Firing of bus drivers sought

Senators upset about 2 children who were forgotten

`We deserve to be angry'

February 18, 2000|By David Nitkin and Lynn Anderson | David Nitkin and Lynn Anderson,SUN STAFF

Furious that young children have been left inside parked school buses twice in the past month, Baltimore County state senators said yesterday that those responsible should be fired.

"It should be you. You should be fired," said an angry Sen. Thomas L. Bromwell, a Baltimore County Democrat, pointing a finger at schools transportation director Rita Fromm.

Fromm was called to Annapolis yesterday to testify before a meeting of the county Senate delegation about the two incidents, the most recent of which involved a 4-year-old Rosedale child on Monday. Her explanation didn't sit well with lawmakers.

The transportation director blamed the incidents on drivers being distracted as they completed their routes. "There was a break in their normal routine," she said.

Both drivers received five-day suspensions, but lawmakers said that the standard punishment should be firing.

"I think if people are fearful for their job, they might be a little more careful," said Sen. Michael J. Collins, an Essex Democrat and the delegation's chairman. "Something strong needs to be in the message."

Sen. George W. Della Jr., a Baltimore City Democrat, said the drivers were being treated more leniently than if a parent had left a child in a car.

"These bus drivers are guilty of child neglect," Della said. "The law is clear."

School officials probably will at least consider suggestions by lawmakers to beef up punishment for bus drivers or attendants who fail to check buses for children, said schools spokesman Charles A. Herndon. And with lawmakers scheduled to vote in coming weeks on millions of dollars in state aid for schools, there's a good chance their recommendations will be listened to.

"We want to be responsive to legislators' and the public's concerns," said Herndon, adding that school officials are still shaken by both incidents.

Vance Parks, a 4-year-old pre-kindergarten pupil at Red House Run Elementary School in Rosedale, was left alone on an empty bus for about 15 minutes Monday afternoon. Workers found him asleep on the bus at about 1: 20 p.m. at the bus lot in Rosedale. Vance, whose parents will meet with school officials today, was unharmed.

Last month, Malik Lucas, a 3-year-old special education pupil at Halstead Academy elementary school near Hillendale, was left on a Baltimore County school bus for about four hours.

A child gets left on a school bus about once or twice every year, Fromm said earlier this week, and the problem is not confined to Baltimore County.

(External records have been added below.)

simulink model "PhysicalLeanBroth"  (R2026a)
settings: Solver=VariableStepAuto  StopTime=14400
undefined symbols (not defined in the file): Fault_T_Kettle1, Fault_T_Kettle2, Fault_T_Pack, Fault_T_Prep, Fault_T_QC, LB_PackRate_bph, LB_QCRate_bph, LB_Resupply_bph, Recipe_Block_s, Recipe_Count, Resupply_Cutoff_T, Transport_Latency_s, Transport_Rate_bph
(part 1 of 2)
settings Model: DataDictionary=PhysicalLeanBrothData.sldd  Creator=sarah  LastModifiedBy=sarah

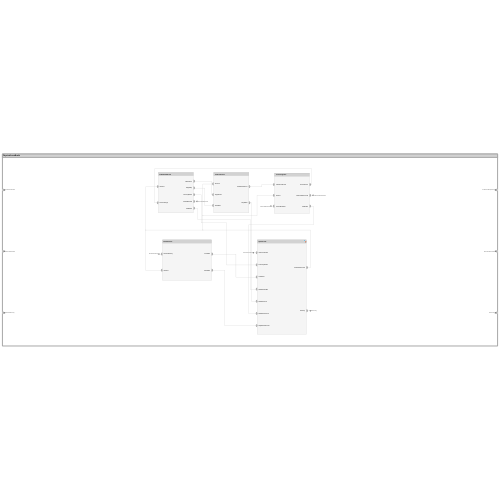
[thumbnail: Simulink's stored preview of the top-level diagram]
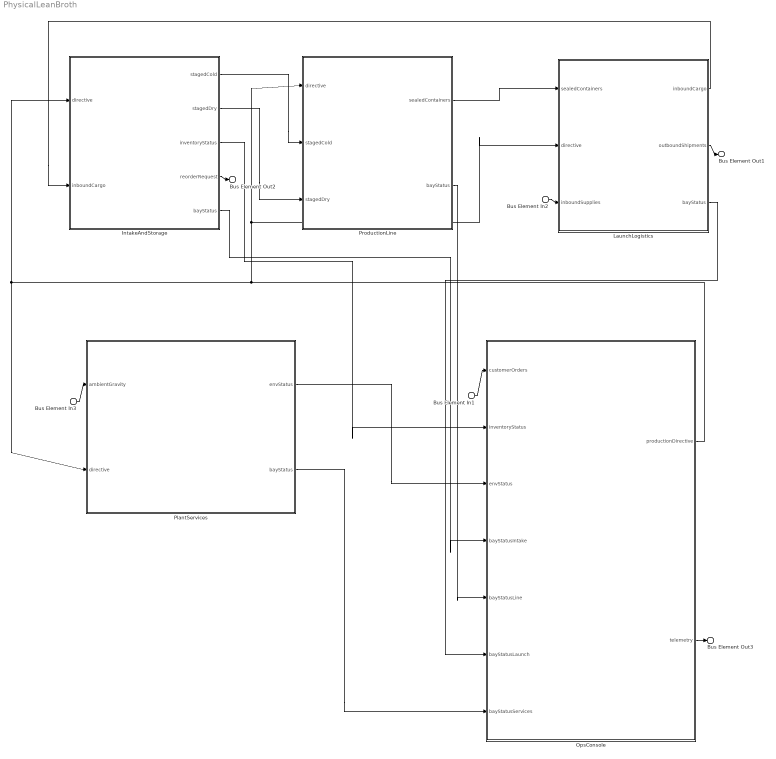
== system PhysicalLeanBroth ==
  Bus Element In1 : Inport  PortName=CustomerOrders
  Bus Element In2 : Inport  Port=2  PortName=InboundSupplies
  Bus Element In3 : Inport  Port=3  PortName=AmbientGravity
  IntakeAndStorage : Subsystem
      settings: PortSchema="{\"entries\":[{\"content\":{\"headerSize\":26,\"margin\":15,\"minimumSpacing\":25,\"sides\":[{\"content\":{\"connectorIds\":[\"In1\",\"In2\"]},\"type\":\"ConnectorPlacement.EquallySpacedRectSide\",\"uuid\":\"3a94c7fc-0b9e-4df5-a2de-1d2483378dcb\"},{\"content\":{\"connectorIds\":[\"Out1\",\"Out2\",\"Out3\",\"Out4\",\"Out5\"],\"side\":\"RIGHT\"},\"type\":\"ConnectorPlacement.EquallySpacedRectSide\",\"uuid\":\"607e1f04-41cc-4c9a-b401-96cdf33819d0\"},{\"content\":{\"side\":\"TOP\"},\"type\":\"ConnectorPlacement.EquallySpacedRectSide\",\"uuid\":\"2ee07fc7-54c6-4cee-9888-3f37ad01f332\"}]},\"type\":\"ConnectorPlacement.EquallySpacedConnector\",\"uuid\":\"f91f3af9-eaeb-4625-ae6e-5ceb7fb8b64c\"}],\"packageUris\":[\"http://schema.mathworks.com/mf0/Connector/R2020b\"],\"version\":\"1.0\"}"
  LaunchLogistics : Subsystem
      settings: PortSchema="{\"entries\":[{\"content\":{\"headerSize\":26,\"margin\":15,\"minimumSpacing\":25,\"sides\":[{\"content\":{\"connectorIds\":[\"In1\",\"In2\",\"In3\"]},\"type\":\"ConnectorPlacement.EquallySpacedRectSide\",\"uuid\":\"3a94c7fc-0b9e-4df5-a2de-1d2483378dcb\"},{\"content\":{\"connectorIds\":[\"Out1\",\"Out2\",\"Out3\"],\"side\":\"RIGHT\"},\"type\":\"ConnectorPlacement.EquallySpacedRectSide\",\"uuid\":\"607e1f04-41cc-4c9a-b401-96cdf33819d0\"},{\"content\":{\"side\":\"TOP\"},\"type\":\"ConnectorPlacement.EquallySpacedRectSide\",\"uuid\":\"2ee07fc7-54c6-4cee-9888-3f37ad01f332\"}]},\"type\":\"ConnectorPlacement.EquallySpacedConnector\",\"uuid\":\"f91f3af9-eaeb-4625-ae6e-5ceb7fb8b64c\"}],\"packageUris\":[\"http://schema.mathworks.com/mf0/Connector/R2020b\"],\"version\":\"1.0\"}"
  OpsConsole : Subsystem
      settings: PortSchema="{\"entries\":[{\"content\":{\"headerSize\":26,\"margin\":15,\"minimumSpacing\":25,\"sides\":[{\"content\":{\"connectorIds\":[\"In1\",\"In2\",\"In3\",\"In4\",\"In5\",\"In6\",\"In7\"]},\"type\":\"ConnectorPlacement.EquallySpacedRectSide\",\"uuid\":\"f830f98a-8e8b-4468-adf4-d6eab644987f\"},{\"content\":{\"connectorIds\":[\"Out1\",\"Out2\"],\"side\":\"RIGHT\"},\"type\":\"ConnectorPlacement.EquallySpacedRectSide\",\"uuid\":\"7e0d0116-b3ba-4668-b638-30d0f54ba087\"},{\"content\":{\"side\":\"TOP\"},\"type\":\"ConnectorPlacement.EquallySpacedRectSide\",\"uuid\":\"7b4146d3-46d2-45ca-8c34-b106f0d8cedd\"}]},\"type\":\"ConnectorPlacement.EquallySpacedConnector\",\"uuid\":\"3d911b2d-a78f-42ea-b869-5e09982d9f54\"}],\"packageUris\":[\"http://schema.mathworks.com/mf0/Connector/R2020b\"],\"version\":\"1.0\"}"
  PlantServices : Subsystem
      settings: PortSchema="{\"entries\":[{\"content\":{\"headerSize\":26,\"margin\":15,\"minimumSpacing\":25,\"sides\":[{\"content\":{\"connectorIds\":[\"In1\",\"In2\"]},\"type\":\"ConnectorPlacement.EquallySpacedRectSide\",\"uuid\":\"3a94c7fc-0b9e-4df5-a2de-1d2483378dcb\"},{\"content\":{\"connectorIds\":[\"Out1\",\"Out2\"],\"side\":\"RIGHT\"},\"type\":\"ConnectorPlacement.EquallySpacedRectSide\",\"uuid\":\"607e1f04-41cc-4c9a-b401-96cdf33819d0\"},{\"content\":{\"side\":\"TOP\"},\"type\":\"ConnectorPlacement.EquallySpacedRectSide\",\"uuid\":\"2ee07fc7-54c6-4cee-9888-3f37ad01f332\"}]},\"type\":\"ConnectorPlacement.EquallySpacedConnector\",\"uuid\":\"f91f3af9-eaeb-4625-ae6e-5ceb7fb8b64c\"}],\"packageUris\":[\"http://schema.mathworks.com/mf0/Connector/R2020b\"],\"version\":\"1.0\"}"
  ProductionLine : Subsystem
      settings: PortSchema="{\"entries\":[{\"content\":{\"headerSize\":26,\"margin\":15,\"minimumSpacing\":25,\"sides\":[{\"content\":{\"connectorIds\":[\"In1\",\"In2\",\"In3\"]},\"type\":\"ConnectorPlacement.EquallySpacedRectSide\",\"uuid\":\"3a94c7fc-0b9e-4df5-a2de-1d2483378dcb\"},{\"content\":{\"connectorIds\":[\"Out1\",\"Out2\"],\"side\":\"RIGHT\"},\"type\":\"ConnectorPlacement.EquallySpacedRectSide\",\"uuid\":\"607e1f04-41cc-4c9a-b401-96cdf33819d0\"},{\"content\":{\"side\":\"TOP\"},\"type\":\"ConnectorPlacement.EquallySpacedRectSide\",\"uuid\":\"2ee07fc7-54c6-4cee-9888-3f37ad01f332\"}]},\"type\":\"ConnectorPlacement.EquallySpacedConnector\",\"uuid\":\"f91f3af9-eaeb-4625-ae6e-5ceb7fb8b64c\"}],\"packageUris\":[\"http://schema.mathworks.com/mf0/Connector/R2020b\"],\"version\":\"1.0\"}"
  Bus Element Out1 : Outport  PortName=OutboundShipments
  Bus Element Out2 : Outport  Port=2  PortName=ReorderRequests
  Bus Element Out3 : Outport  Port=3  PortName=Telemetry
  wires:
  Bus Element In3/1 -> PlantServices/1(ambientGravity)
  PlantServices/1(envStatus) -> OpsConsole/3(envStatus)
  ProductionLine/2(bayStatus) -> OpsConsole/5(bayStatusLine)
  Bus Element In1/1 -> OpsConsole/1(customerOrders)
  OpsConsole/1(productionDirective) -> PlantServices/2(directive), IntakeAndStorage/1(directive), ProductionLine/1(directive), LaunchLogistics/2(directive)
  ProductionLine/1(sealedContainers) -> LaunchLogistics/1(sealedContainers)
  PlantServices/2(bayStatus) -> OpsConsole/7(bayStatusServices)
  Bus Element In2/1 -> LaunchLogistics/3(inboundSupplies)
  OpsConsole/2(telemetry) -> Bus Element Out3/1
  IntakeAndStorage/1(stagedCold) -> ProductionLine/2(stagedCold)
  LaunchLogistics/1(inboundCargo) -> IntakeAndStorage/2(inboundCargo)
  LaunchLogistics/2(outboundShipments) -> Bus Element Out1/1
  LaunchLogistics/3(bayStatus) -> OpsConsole/6(bayStatusLaunch)
  IntakeAndStorage/2(stagedDry) -> ProductionLine/3(stagedDry)
  IntakeAndStorage/3(inventoryStatus) -> OpsConsole/2(inventoryStatus)
  IntakeAndStorage/4(reorderRequest) -> Bus Element Out2/1
  IntakeAndStorage/5(bayStatus) -> OpsConsole/4(bayStatusIntake)

== system PhysicalLeanBroth/IntakeAndStorage ==
  Bus Element In1 : Inport  PortName=directive
  Bus Element In2 : Inport  Port=2  PortName=inboundCargo
  BarcodeInventorySystem : Subsystem
      settings: PortSchema="{\"entries\":[{\"content\":{\"headerSize\":26,\"margin\":15,\"minimumSpacing\":25,\"sides\":[{\"content\":{\"connectorIds\":[\"In1\",\"In2\"]},\"type\":\"ConnectorPlacement.EquallySpacedRectSide\",\"uuid\":\"f830f98a-8e8b-4468-adf4-d6eab644987f\"},{\"content\":{\"connectorIds\":[\"Out1\",\"Out2\"],\"side\":\"RIGHT\"},\"type\":\"ConnectorPlacement.EquallySpacedRectSide\",\"uuid\":\"7e0d0116-b3ba-4668-b638-30d0f54ba087\"},{\"content\":{\"side\":\"TOP\"},\"type\":\"ConnectorPlacement.EquallySpacedRectSide\",\"uuid\":\"7b4146d3-46d2-45ca-8c34-b106f0d8cedd\"}]},\"type\":\"ConnectorPlacement.EquallySpacedConnector\",\"uuid\":\"3d911b2d-a78f-42ea-b869-5e09982d9f54\"}],\"packageUris\":[\"http://schema.mathworks.com/mf0/Connector/R2020b\"],\"version\":\"1.0\"}"
  ColdStoreLocker : Subsystem
      settings: PortSchema="{\"entries\":[{\"content\":{\"headerSize\":26,\"margin\":15,\"minimumSpacing\":25,\"sides\":[{\"content\":{\"connectorIds\":[\"In1\",\"In2\"]},\"type\":\"ConnectorPlacement.EquallySpacedRectSide\",\"uuid\":\"f830f98a-8e8b-4468-adf4-d6eab644987f\"},{\"content\":{\"connectorIds\":[\"Out1\",\"Out2\",\"Out3\"],\"side\":\"RIGHT\"},\"type\":\"ConnectorPlacement.EquallySpacedRectSide\",\"uuid\":\"7e0d0116-b3ba-4668-b638-30d0f54ba087\"},{\"content\":{\"side\":\"TOP\"},\"type\":\"ConnectorPlacement.EquallySpacedRectSide\",\"uuid\":\"7b4146d3-46d2-45ca-8c34-b106f0d8cedd\"}]},\"type\":\"ConnectorPlacement.EquallySpacedConnector\",\"uuid\":\"3d911b2d-a78f-42ea-b869-5e09982d9f54\"}],\"packageUris\":[\"http://schema.mathworks.com/mf0/Connector/R2020b\"],\"version\":\"1.0\"}"
  DryGoodsRack : Subsystem
      settings: PortSchema="{\"entries\":[{\"content\":{\"headerSize\":26,\"margin\":15,\"minimumSpacing\":25,\"sides\":[{\"content\":{\"connectorIds\":[\"In1\",\"In2\"]},\"type\":\"ConnectorPlacement.EquallySpacedRectSide\",\"uuid\":\"f830f98a-8e8b-4468-adf4-d6eab644987f\"},{\"content\":{\"connectorIds\":[\"Out1\",\"Out2\",\"Out3\"],\"side\":\"RIGHT\"},\"type\":\"ConnectorPlacement.EquallySpacedRectSide\",\"uuid\":\"7e0d0116-b3ba-4668-b638-30d0f54ba087\"},{\"content\":{\"side\":\"TOP\"},\"type\":\"ConnectorPlacement.EquallySpacedRectSide\",\"uuid\":\"7b4146d3-46d2-45ca-8c34-b106f0d8cedd\"}]},\"type\":\"ConnectorPlacement.EquallySpacedConnector\",\"uuid\":\"3d911b2d-a78f-42ea-b869-5e09982d9f54\"}],\"packageUris\":[\"http://schema.mathworks.com/mf0/Connector/R2020b\"],\"version\":\"1.0\"}"
  IntakeController : Subsystem
      settings: PortSchema="{\"entries\":[{\"content\":{\"headerSize\":26,\"margin\":15,\"minimumSpacing\":25,\"sides\":[{\"content\":{\"connectorIds\":[\"In1\",\"In2\",\"In3\",\"In4\"]},\"type\":\"ConnectorPlacement.EquallySpacedRectSide\",\"uuid\":\"0731d988-4a26-4db6-8347-b78d2aa6954f\"},{\"content\":{\"connectorIds\":[\"Out1\",\"Out2\"],\"side\":\"RIGHT\"},\"type\":\"ConnectorPlacement.EquallySpacedRectSide\",\"uuid\":\"6e8ac7ed-a816-4c7e-8f31-c61224c9ac03\"},{\"content\":{\"side\":\"TOP\"},\"type\":\"ConnectorPlacement.EquallySpacedRectSide\",\"uuid\":\"7c48a918-2743-4697-bc21-ce4fb8bbcea2\"}]},\"type\":\"ConnectorPlacement.EquallySpacedConnector\",\"uuid\":\"5e30be34-c1af-4919-9af8-d4df8145ecd1\"}],\"packageUris\":[\"http://schema.mathworks.com/mf0/Connector/R2020b\"],\"version\":\"1.0\"}"
  ManualReceivingBay : Subsystem
      settings: PortSchema="{\"entries\":[{\"content\":{\"headerSize\":26,\"margin\":15,\"minimumSpacing\":25,\"sides\":[{\"content\":{\"connectorIds\":[\"In1\",\"In2\"]},\"type\":\"ConnectorPlacement.EquallySpacedRectSide\",\"uuid\":\"f830f98a-8e8b-4468-adf4-d6eab644987f\"},{\"content\":{\"connectorIds\":[\"Out1\",\"Out2\"],\"side\":\"RIGHT\"},\"type\":\"ConnectorPlacement.EquallySpacedRectSide\",\"uuid\":\"7e0d0116-b3ba-4668-b638-30d0f54ba087\"},{\"content\":{\"side\":\"TOP\"},\"type\":\"ConnectorPlacement.EquallySpacedRectSide\",\"uuid\":\"7b4146d3-46d2-45ca-8c34-b106f0d8cedd\"}]},\"type\":\"ConnectorPlacement.EquallySpacedConnector\",\"uuid\":\"3d911b2d-a78f-42ea-b869-5e09982d9f54\"}],\"packageUris\":[\"http://schema.mathworks.com/mf0/Connector/R2020b\"],\"version\":\"1.0\"}"
  Bus Element Out1 : Outport  PortName=stagedCold
  Bus Element Out2 : Outport  Port=2  PortName=stagedDry
  Bus Element Out3 : Outport  Port=3  PortName=inventoryStatus
  Bus Element Out7 : Outport  Port=4  PortName=reorderRequest
  Bus Element Out8 : Outport  Port=5  PortName=bayStatus
  wires:
  ManualReceivingBay/1(receivedIngredients) -> DryGoodsRack/1(receivedIngredients), ColdStoreLocker/1(receivedIngredients)
  Bus Element In2/1 -> ManualReceivingBay/1(inboundCargo)
  Bus Element In1/1 -> IntakeController/1(directive)
  ColdStoreLocker/2(stockCold) -> BarcodeInventorySystem/1(stockCold)
  DryGoodsRack/2(stockDry) -> BarcodeInventorySystem/2(stockDry)
  IntakeController/1(bayDirective) -> ManualReceivingBay/2(directive), ColdStoreLocker/2(directive), DryGoodsRack/2(directive)
  ManualReceivingBay/2(statusReceive) -> IntakeController/4(statusReceive)
  IntakeController/2(bayStatus) -> Bus Element Out8/1
  DryGoodsRack/1(stagedDry) -> Bus Element Out2/1
  ColdStoreLocker/1(stagedCold) -> Bus Element Out1/1
  DryGoodsRack/3(statusDryStore) -> IntakeController/3(statusDryStore)
  ColdStoreLocker/3(statusColdStore) -> IntakeController/2(statusColdStore)
  BarcodeInventorySystem/1(inventoryStatus) -> Bus Element Out3/1
  BarcodeInventorySystem/2(reorderRequest) -> Bus Element Out7/1

== system PhysicalLeanBroth/LaunchLogistics ==
  Bus Element In2 : Inport  PortName=sealedContainers
  Bus Element In3 : Inport  Port=2  PortName=directive
  Bus Element In5 : Inport  Port=3  PortName=inboundSupplies
  LaunchController : Subsystem
      settings: PortSchema="{\"entries\":[{\"content\":{\"headerSize\":26,\"margin\":15,\"minimumSpacing\":25,\"sides\":[{\"content\":{\"connectorIds\":[\"In1\",\"In2\",\"In3\",\"In4\"]},\"type\":\"ConnectorPlacement.EquallySpacedRectSide\",\"uuid\":\"0731d988-4a26-4db6-8347-b78d2aa6954f\"},{\"content\":{\"connectorIds\":[\"Out1\",\"Out2\"],\"side\":\"RIGHT\"},\"type\":\"ConnectorPlacement.EquallySpacedRectSide\",\"uuid\":\"6e8ac7ed-a816-4c7e-8f31-c61224c9ac03\"},{\"content\":{\"side\":\"TOP\"},\"type\":\"ConnectorPlacement.EquallySpacedRectSide\",\"uuid\":\"7c48a918-2743-4697-bc21-ce4fb8bbcea2\"}]},\"type\":\"ConnectorPlacement.EquallySpacedConnector\",\"uuid\":\"5e30be34-c1af-4919-9af8-d4df8145ecd1\"}],\"packageUris\":[\"http://schema.mathworks.com/mf0/Connector/R2020b\"],\"version\":\"1.0\"}"
  RefuelSkid : Subsystem
      settings: PortSchema="{\"entries\":[{\"content\":{\"headerSize\":26,\"margin\":15,\"minimumSpacing\":25,\"sides\":[{\"content\":{\"connectorIds\":[\"In1\"]},\"type\":\"ConnectorPlacement.EquallySpacedRectSide\",\"uuid\":\"f830f98a-8e8b-4468-adf4-d6eab644987f\"},{\"content\":{\"connectorIds\":[\"Out1\"],\"side\":\"RIGHT\"},\"type\":\"ConnectorPlacement.EquallySpacedRectSide\",\"uuid\":\"7e0d0116-b3ba-4668-b638-30d0f54ba087\"},{\"content\":{\"side\":\"TOP\"},\"type\":\"ConnectorPlacement.EquallySpacedRectSide\",\"uuid\":\"7b4146d3-46d2-45ca-8c34-b106f0d8cedd\"}]},\"type\":\"ConnectorPlacement.EquallySpacedConnector\",\"uuid\":\"3d911b2d-a78f-42ea-b869-5e09982d9f54\"}],\"packageUris\":[\"http://schema.mathworks.com/mf0/Connector/R2020b\"],\"version\":\"1.0\"}"
  SharedCraneDock : Subsystem
      settings: PortSchema="{\"entries\":[{\"content\":{\"headerSize\":26,\"margin\":15,\"minimumSpacing\":25,\"sides\":[{\"content\":{\"connectorIds\":[\"In1\",\"In2\"]},\"type\":\"ConnectorPlacement.EquallySpacedRectSide\",\"uuid\":\"f830f98a-8e8b-4468-adf4-d6eab644987f\"},{\"content\":{\"connectorIds\":[\"Out1\",\"Out2\",\"Out3\"],\"side\":\"RIGHT\"},\"type\":\"ConnectorPlacement.EquallySpacedRectSide\",\"uuid\":\"7e0d0116-b3ba-4668-b638-30d0f54ba087\"},{\"content\":{\"side\":\"TOP\"},\"type\":\"ConnectorPlacement.EquallySpacedRectSide\",\"uuid\":\"7b4146d3-46d2-45ca-8c34-b106f0d8cedd\"}]},\"type\":\"ConnectorPlacement.EquallySpacedConnector\",\"uuid\":\"3d911b2d-a78f-42ea-b869-5e09982d9f54\"}],\"packageUris\":[\"http://schema.mathworks.com/mf0/Connector/R2020b\"],\"version\":\"1.0\"}"
  TriPadLandingField : Subsystem
      settings: PortSchema="{\"entries\":[{\"content\":{\"headerSize\":26,\"margin\":15,\"minimumSpacing\":25,\"sides\":[{\"content\":{\"connectorIds\":[\"In1\",\"In2\",\"In3\",\"In4\"]},\"type\":\"ConnectorPlacement.EquallySpacedRectSide\",\"uuid\":\"f830f98a-8e8b-4468-adf4-d6eab644987f\"},{\"content\":{\"connectorIds\":[\"Out1\",\"Out2\",\"Out3\"],\"side\":\"RIGHT\"},\"type\":\"ConnectorPlacement.EquallySpacedRectSide\",\"uuid\":\"7e0d0116-b3ba-4668-b638-30d0f54ba087\"},{\"content\":{\"side\":\"TOP\"},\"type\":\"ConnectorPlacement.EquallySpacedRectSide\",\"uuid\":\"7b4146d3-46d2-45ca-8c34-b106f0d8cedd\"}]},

Herndon said, "We've done everything we can to keep this sort of thing from happening. Our emphasis isn't so much in punishing those responsible, but preventing it from happening in the first place."

Fromm uses department newsletters to remind bus drivers and attendants to make post-trip inspections.

She has suggested fitting new school buses with devices that emit a loud buzz every time a school bus engine is turned off. Drivers would be required to walk to the back of the bus to turn off the buzzers.

Fromm also has said she encourages bus drivers and attendants to know the children they pick up and to count heads as pupils enter and exit buses. However, that is more difficult in areas where children move often. Also, parents contribute to the confusion when they drive their children to or from school themselves sometimes.

But yesterday, lawmakers weren't accepting any excuses.

"This is not rocket science to keep track of when kids get on and when they get off," said Sen. Barbara A. Hoffman, a Baltimore City Democrat. "If you consider the students to be your customers, you're not showing it."

John Sgroi, 39, whose daughter attends Red House Run Elementary, said, "We put our kids on the bus, and we expect the bus driver to make sure they get home safely."

Sgroi's mother was a bus attendant with the county for about 23 years. She never left a child on the bus alone, he said. "Now we've had two incidents in the past three or four weeks."

Bromwell wasn't convinced there won't be more.

"We deserve to be angry. We deserve to have your head here," he said during the hearing. "I see no solution to this problem."